ValueAct Capital urged Seven & i Holdings Co. Ltd. shareholders on Jan. 19 to back a spinoff of the Tokyo-based company’s 7-Eleven convenience-store chain, according to a Reuters report. The hedge fund argued that the move would improve the conglomerate’s valuation and corporate governance and deliver considerable benefits to shareholders.
San Francisco-based ValueAct, which owns a 4.4% stake in the Tokyo-based company and has been urging it to make changes for at least a year, called on shareholders in a letter reviewed by Reuters to express their opinions on the matter to Seven & i’s board.
ValueAct argued that Seven & i could complete a tax-free spinoff of Irving, Texas-based 7-Eleven through a listing on the Tokyo Stock Exchange in about a year.
“ValueAct estimates that over 10 years, the 100% spinoff of 7-Eleven capital restructuring would result in shareholder value that is 80% higher than maintaining the current conglomerate structure,” said the letter that Reuters reviewed.
ValueAct added that its assumptions are conservative because they do not factor in benefits such as efficiency improvements at 7-Eleven’s U.S. operations.
“We understand that Seven & i can combine 7-Eleven Inc. and Seven-Eleven Japan and execute a tax-free spinoff to launch a global champion 7-Eleven listed on the Tokyo Stock Exchange about 12 months from now,” the letter said.
Seven & i is conducting a strategic review and has pledged to announce its decisions by early March, said the report. Among the other options under consideration are a sale of Seven & i itself, a sale or spinoff of its superstore business or taking no action.

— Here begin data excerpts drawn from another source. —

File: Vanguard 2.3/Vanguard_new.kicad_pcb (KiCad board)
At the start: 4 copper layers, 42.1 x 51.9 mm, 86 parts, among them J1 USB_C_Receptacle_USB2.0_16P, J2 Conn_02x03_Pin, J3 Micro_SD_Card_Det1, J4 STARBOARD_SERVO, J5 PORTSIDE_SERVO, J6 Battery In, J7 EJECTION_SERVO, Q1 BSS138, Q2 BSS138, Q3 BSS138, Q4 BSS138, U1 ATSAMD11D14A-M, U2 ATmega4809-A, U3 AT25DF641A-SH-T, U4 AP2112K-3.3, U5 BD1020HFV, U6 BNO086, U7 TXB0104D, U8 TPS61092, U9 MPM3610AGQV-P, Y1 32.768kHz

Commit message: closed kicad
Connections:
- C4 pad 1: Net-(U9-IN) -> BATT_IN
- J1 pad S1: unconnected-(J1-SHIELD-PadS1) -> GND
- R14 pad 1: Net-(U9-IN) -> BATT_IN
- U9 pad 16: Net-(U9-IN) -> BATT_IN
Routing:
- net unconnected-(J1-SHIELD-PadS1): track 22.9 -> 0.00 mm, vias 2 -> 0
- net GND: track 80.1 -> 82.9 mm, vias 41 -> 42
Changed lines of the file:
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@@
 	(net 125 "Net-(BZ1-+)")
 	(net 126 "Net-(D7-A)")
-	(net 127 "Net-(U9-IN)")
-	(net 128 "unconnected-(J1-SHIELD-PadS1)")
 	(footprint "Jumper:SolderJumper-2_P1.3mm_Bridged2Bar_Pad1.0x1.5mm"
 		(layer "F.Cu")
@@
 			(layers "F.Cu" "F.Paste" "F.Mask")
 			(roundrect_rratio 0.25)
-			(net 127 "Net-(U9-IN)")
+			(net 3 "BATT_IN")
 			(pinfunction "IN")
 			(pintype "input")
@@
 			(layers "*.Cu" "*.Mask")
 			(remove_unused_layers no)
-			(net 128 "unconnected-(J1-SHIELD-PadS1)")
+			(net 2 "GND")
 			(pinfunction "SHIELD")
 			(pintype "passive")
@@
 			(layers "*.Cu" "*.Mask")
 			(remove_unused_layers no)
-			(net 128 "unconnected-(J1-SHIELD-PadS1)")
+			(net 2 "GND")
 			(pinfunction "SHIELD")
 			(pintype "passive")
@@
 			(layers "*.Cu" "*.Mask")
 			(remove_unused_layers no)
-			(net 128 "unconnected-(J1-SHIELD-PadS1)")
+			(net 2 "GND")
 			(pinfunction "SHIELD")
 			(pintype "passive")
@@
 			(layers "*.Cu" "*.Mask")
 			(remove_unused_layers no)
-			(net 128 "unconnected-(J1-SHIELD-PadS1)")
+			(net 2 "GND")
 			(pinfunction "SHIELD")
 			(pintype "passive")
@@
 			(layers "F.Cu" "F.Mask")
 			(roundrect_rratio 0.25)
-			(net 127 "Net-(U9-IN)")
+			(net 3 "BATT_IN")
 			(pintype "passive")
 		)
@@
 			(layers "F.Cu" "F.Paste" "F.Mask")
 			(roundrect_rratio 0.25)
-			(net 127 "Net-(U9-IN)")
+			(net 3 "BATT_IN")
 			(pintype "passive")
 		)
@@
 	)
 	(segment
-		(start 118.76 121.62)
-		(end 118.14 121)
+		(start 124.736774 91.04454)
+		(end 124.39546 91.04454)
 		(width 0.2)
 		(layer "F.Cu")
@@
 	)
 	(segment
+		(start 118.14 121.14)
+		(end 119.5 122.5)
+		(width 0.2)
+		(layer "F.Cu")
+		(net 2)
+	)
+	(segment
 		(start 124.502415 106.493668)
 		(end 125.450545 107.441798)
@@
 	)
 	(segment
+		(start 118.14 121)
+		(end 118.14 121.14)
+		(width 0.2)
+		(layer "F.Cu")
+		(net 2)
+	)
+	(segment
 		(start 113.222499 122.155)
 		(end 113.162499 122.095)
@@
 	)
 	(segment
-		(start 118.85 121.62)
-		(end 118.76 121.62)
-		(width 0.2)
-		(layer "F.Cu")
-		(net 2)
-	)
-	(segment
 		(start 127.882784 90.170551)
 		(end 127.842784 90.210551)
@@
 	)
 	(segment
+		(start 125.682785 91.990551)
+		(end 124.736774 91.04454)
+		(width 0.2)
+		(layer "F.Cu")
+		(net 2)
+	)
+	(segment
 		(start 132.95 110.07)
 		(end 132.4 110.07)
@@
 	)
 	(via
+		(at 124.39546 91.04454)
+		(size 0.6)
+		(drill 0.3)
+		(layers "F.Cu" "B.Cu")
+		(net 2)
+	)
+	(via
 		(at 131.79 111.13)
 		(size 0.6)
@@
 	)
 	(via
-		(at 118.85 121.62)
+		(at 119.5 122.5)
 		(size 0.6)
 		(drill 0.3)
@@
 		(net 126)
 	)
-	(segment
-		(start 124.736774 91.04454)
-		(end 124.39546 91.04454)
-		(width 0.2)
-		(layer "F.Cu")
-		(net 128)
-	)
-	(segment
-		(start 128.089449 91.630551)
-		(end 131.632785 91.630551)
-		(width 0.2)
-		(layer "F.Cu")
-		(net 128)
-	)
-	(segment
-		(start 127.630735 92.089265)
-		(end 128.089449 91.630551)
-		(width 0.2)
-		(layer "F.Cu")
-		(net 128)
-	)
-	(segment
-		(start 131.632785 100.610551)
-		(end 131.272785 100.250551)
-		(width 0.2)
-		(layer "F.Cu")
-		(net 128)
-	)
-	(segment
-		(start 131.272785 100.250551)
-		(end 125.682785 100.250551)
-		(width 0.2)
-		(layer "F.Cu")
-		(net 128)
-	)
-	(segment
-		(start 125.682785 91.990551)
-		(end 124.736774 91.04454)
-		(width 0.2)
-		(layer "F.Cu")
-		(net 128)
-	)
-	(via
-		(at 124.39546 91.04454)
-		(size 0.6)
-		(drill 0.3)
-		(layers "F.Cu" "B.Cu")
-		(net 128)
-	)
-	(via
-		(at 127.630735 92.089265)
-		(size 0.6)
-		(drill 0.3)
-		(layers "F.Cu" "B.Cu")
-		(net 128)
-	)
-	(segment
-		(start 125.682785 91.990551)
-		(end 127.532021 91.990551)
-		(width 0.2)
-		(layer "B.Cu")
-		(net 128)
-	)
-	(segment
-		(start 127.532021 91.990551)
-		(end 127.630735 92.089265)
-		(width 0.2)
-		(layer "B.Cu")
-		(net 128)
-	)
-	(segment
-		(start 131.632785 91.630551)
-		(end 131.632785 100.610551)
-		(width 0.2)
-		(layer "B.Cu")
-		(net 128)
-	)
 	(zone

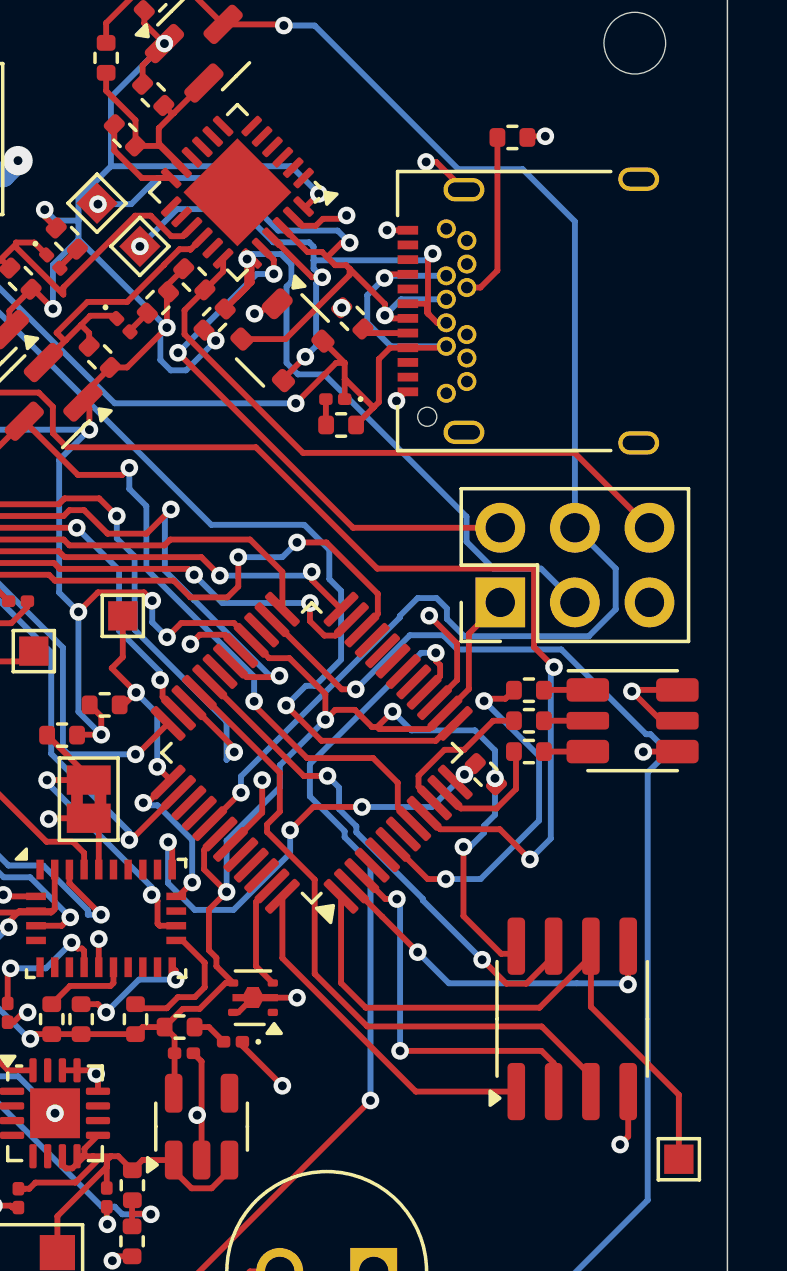
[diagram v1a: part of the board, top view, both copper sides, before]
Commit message: missed gnd wiring
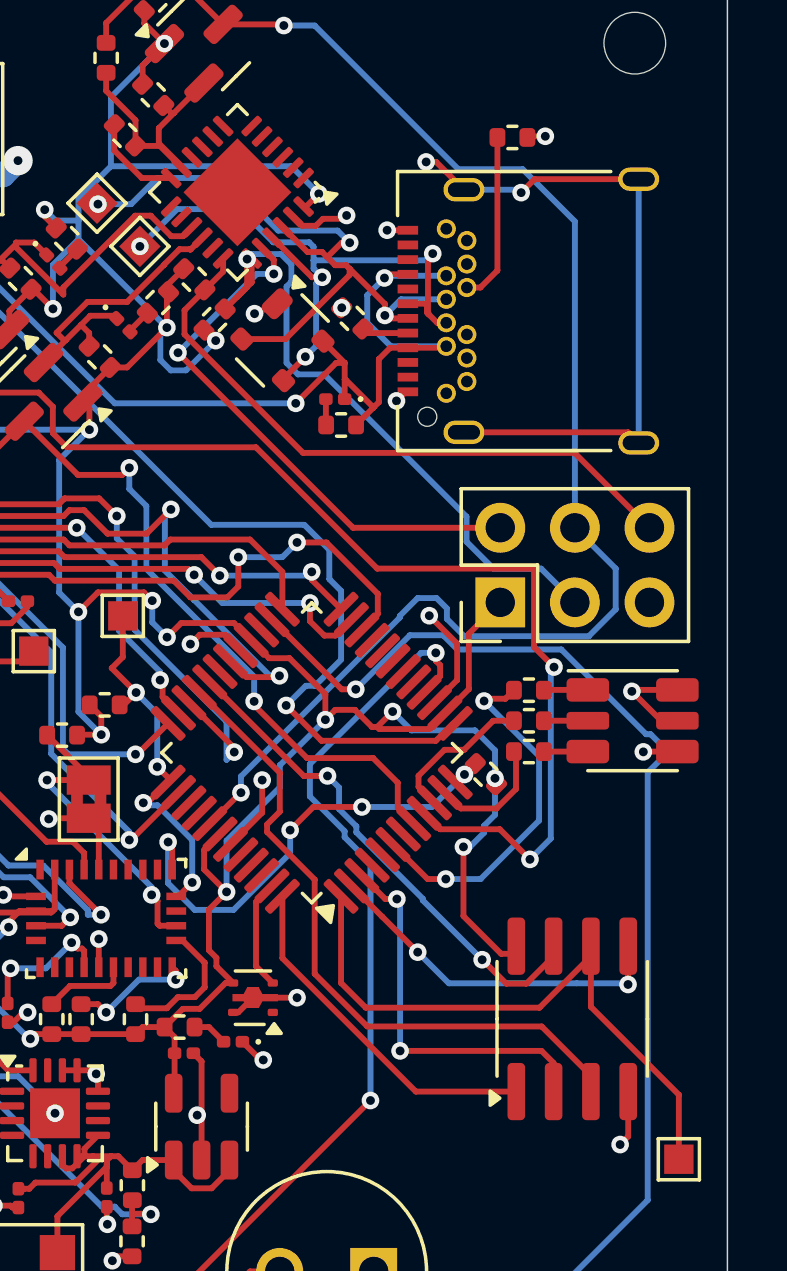
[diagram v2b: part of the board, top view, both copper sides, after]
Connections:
- C4 pad 1: BATT_IN -> Net-(U9-IN)
- J1 pad S1: GND -> unconnected-(J1-SHIELD-PadS1)
- R14 pad 1: BATT_IN -> Net-(U9-IN)
- U9 pad 16: BATT_IN -> Net-(U9-IN)
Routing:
- net unconnected-(J1-SHIELD-PadS1): track 0.00 -> 22.9 mm, vias 0 -> 2
- net GND: track 82.9 -> 80.1 mm, vias 42 -> 41
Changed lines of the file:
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@@
 	(net 125 "Net-(BZ1-+)")
 	(net 126 "Net-(D7-A)")
+	(net 127 "Net-(U9-IN)")
+	(net 128 "unconnected-(J1-SHIELD-PadS1)")
 	(footprint "Jumper:SolderJumper-2_P1.3mm_Bridged2Bar_Pad1.0x1.5mm"
 		(layer "F.Cu")
@@
 			(layers "F.Cu" "F.Paste" "F.Mask")
 			(roundrect_rratio 0.25)
-			(net 3 "BATT_IN")
+			(net 127 "Net-(U9-IN)")
 			(pinfunction "IN")
 			(pintype "input")
@@
 			(layers "*.Cu" "*.Mask")
 			(remove_unused_layers no)
-			(net 2 "GND")
+			(net 128 "unconnected-(J1-SHIELD-PadS1)")
 			(pinfunction "SHIELD")
 			(pintype "passive")
@@
 			(layers "*.Cu" "*.Mask")
 			(remove_unused_layers no)
-			(net 2 "GND")
+			(net 128 "unconnected-(J1-SHIELD-PadS1)")
 			(pinfunction "SHIELD")
 			(pintype "passive")
@@
 			(layers "*.Cu" "*.Mask")
 			(remove_unused_layers no)
-			(net 2 "GND")
+			(net 128 "unconnected-(J1-SHIELD-PadS1)")
 			(pinfunction "SHIELD")
 			(pintype "passive")
@@
 			(layers "*.Cu" "*.Mask")
 			(remove_unused_layers no)
-			(net 2 "GND")
+			(net 128 "unconnected-(J1-SHIELD-PadS1)")
 			(pinfunction "SHIELD")
 			(pintype "passive")
@@
 			(layers "F.Cu" "F.Mask")
 			(roundrect_rratio 0.25)
-			(net 3 "BATT_IN")
+			(net 127 "Net-(U9-IN)")
 			(pintype "passive")
 		)
@@
 			(layers "F.Cu" "F.Paste" "F.Mask")
 			(roundrect_rratio 0.25)
-			(net 3 "BATT_IN")
+			(net 127 "Net-(U9-IN)")
 			(pintype "passive")
 		)
@@
 	)
 	(segment
-		(start 124.736774 91.04454)
-		(end 124.39546 91.04454)
+		(start 118.76 121.62)
+		(end 118.14 121)
 		(width 0.2)
 		(layer "F.Cu")
@@
 	)
 	(segment
-		(start 118.14 121.14)
-		(end 119.5 122.5)
-		(width 0.2)
-		(layer "F.Cu")
-		(net 2)
-	)
-	(segment
 		(start 124.502415 106.493668)
 		(end 125.450545 107.441798)
@@
 	)
 	(segment
-		(start 118.14 121)
-		(end 118.14 121.14)
-		(width 0.2)
-		(layer "F.Cu")
-		(net 2)
-	)
-	(segment
 		(start 113.222499 122.155)
 		(end 113.162499 122.095)
@@
 	)
 	(segment
+		(start 118.85 121.62)
+		(end 118.76 121.62)
+		(width 0.2)
+		(layer "F.Cu")
+		(net 2)
+	)
+	(segment
 		(start 127.882784 90.170551)
 		(end 127.842784 90.210551)
@@
 	)
 	(segment
-		(start 125.682785 91.990551)
-		(end 124.736774 91.04454)
-		(width 0.2)
-		(layer "F.Cu")
-		(net 2)
-	)
-	(segment
 		(start 132.95 110.07)
 		(end 132.4 110.07)
@@
 	)
 	(via
-		(at 124.39546 91.04454)
-		(size 0.6)
-		(drill 0.3)
-		(layers "F.Cu" "B.Cu")
-		(net 2)
-	)
-	(via
 		(at 131.79 111.13)
 		(size 0.6)
@@
 	)
 	(via
-		(at 119.5 122.5)
+		(at 118.85 121.62)
 		(size 0.6)
 		(drill 0.3)
@@
 		(net 126)
 	)
+	(segment
+		(start 124.736774 91.04454)
+		(end 124.39546 91.04454)
+		(width 0.2)
+		(layer "F.Cu")
+		(net 128)
+	)
+	(segment
+		(start 128.089449 91.630551)
+		(end 131.632785 91.630551)
+		(width 0.2)
+		(layer "F.Cu")
+		(net 128)
+	)
+	(segment
+		(start 127.630735 92.089265)
+		(end 128.089449 91.630551)
+		(width 0.2)
+		(layer "F.Cu")
+		(net 128)
+	)
+	(segment
+		(start 131.632785 100.610551)
+		(end 131.272785 100.250551)
+		(width 0.2)
+		(layer "F.Cu")
+		(net 128)
+	)
+	(segment
+		(start 131.272785 100.250551)
+		(end 125.682785 100.250551)
+		(width 0.2)
+		(layer "F.Cu")
+		(net 128)
+	)
+	(segment
+		(start 125.682785 91.990551)
+		(end 124.736774 91.04454)
+		(width 0.2)
+		(layer "F.Cu")
+		(net 128)
+	)
+	(via
+		(at 124.39546 91.04454)
+		(size 0.6)
+		(drill 0.3)
+		(layers "F.Cu" "B.Cu")
+		(net 128)
+	)
+	(via
+		(at 127.630735 92.089265)
+		(size 0.6)
+		(drill 0.3)
+		(layers "F.Cu" "B.Cu")
+		(net 128)
+	)
+	(segment
+		(start 125.682785 91.990551)
+		(end 127.532021 91.990551)
+		(width 0.2)
+		(layer "B.Cu")
+		(net 128)
+	)
+	(segment
+		(start 127.532021 91.990551)
+		(end 127.630735 92.089265)
+		(width 0.2)
+		(layer "B.Cu")
+		(net 128)
+	)
+	(segment
+		(start 131.632785 91.630551)
+		(end 131.632785 100.610551)
+		(width 0.2)
+		(layer "B.Cu")
+		(net 128)
+	)
 	(zone

ValueAct said in its letter it was not happy with the pace of change at the company after six new directors joined the company’s board over the past year. “The debate at the board of Directors about the strategic review appears to be unresolved after four months of deliberation,” the letter said, adding this could signal split opinions on the board or between executives.
The activist investor suggested shareholders might be able to force a decision by making their views known to the board, the news agency said.
ValueAct told investors in May 2021 that Seven & i could be worth more than double its current value if the company restructures itself to focus on convenience stores or if it spins off 7-Eleven.
In January 2022, ValueAct again asked the Seven & i board to conduct a strategic review of alternatives for all of its business units, consisting of c-stores, supermarkets, department stores and specialty stores.
ValueAct said in a letter to the board at the time that Seven & i “is strategically unfocused and vastly underperforming its potential. This, while the retail industry is evolving rapidly with new disruptive forces entering Seven & i’s markets. The 7-Eleven convenience-store business already accounts for 97% of operating profit and over 100% of corporate value creation. … If Seven & i narrows its focus to 7- Eleven, it can become the global champion in a growing industry. If its attention remains scattered, it risks drifting into mediocrity or worse.”
Seven & i said it is having “active and constructive management-and working-level dialogues … with the aim of enhancing our corporate value in a sustainable manner,” is reviewing ValueAct’s proposal and will “respond appropriately.” Seven & i said in November 2022 that it is selling its struggling department store unit, Sogo & Seibu, Reuters reported at the time.
- 7-Eleven is No. 1 on CSP’s 2022 Top 202 ranking of the largest U.S. c-store chains by number of company-owned retail outlets.
7-Eleven operates, franchises or licenses more than 72,800 convenience stores in 17 countries and regions, including about 13,000 in the United States, including about 9,500 under the 7-Eleven banner, around 3,800 under the Speedway banner and about 500 under the Stripes flag, as well as the Laredo Taco Company and Raise the Roost Chicken and Biscuits brands.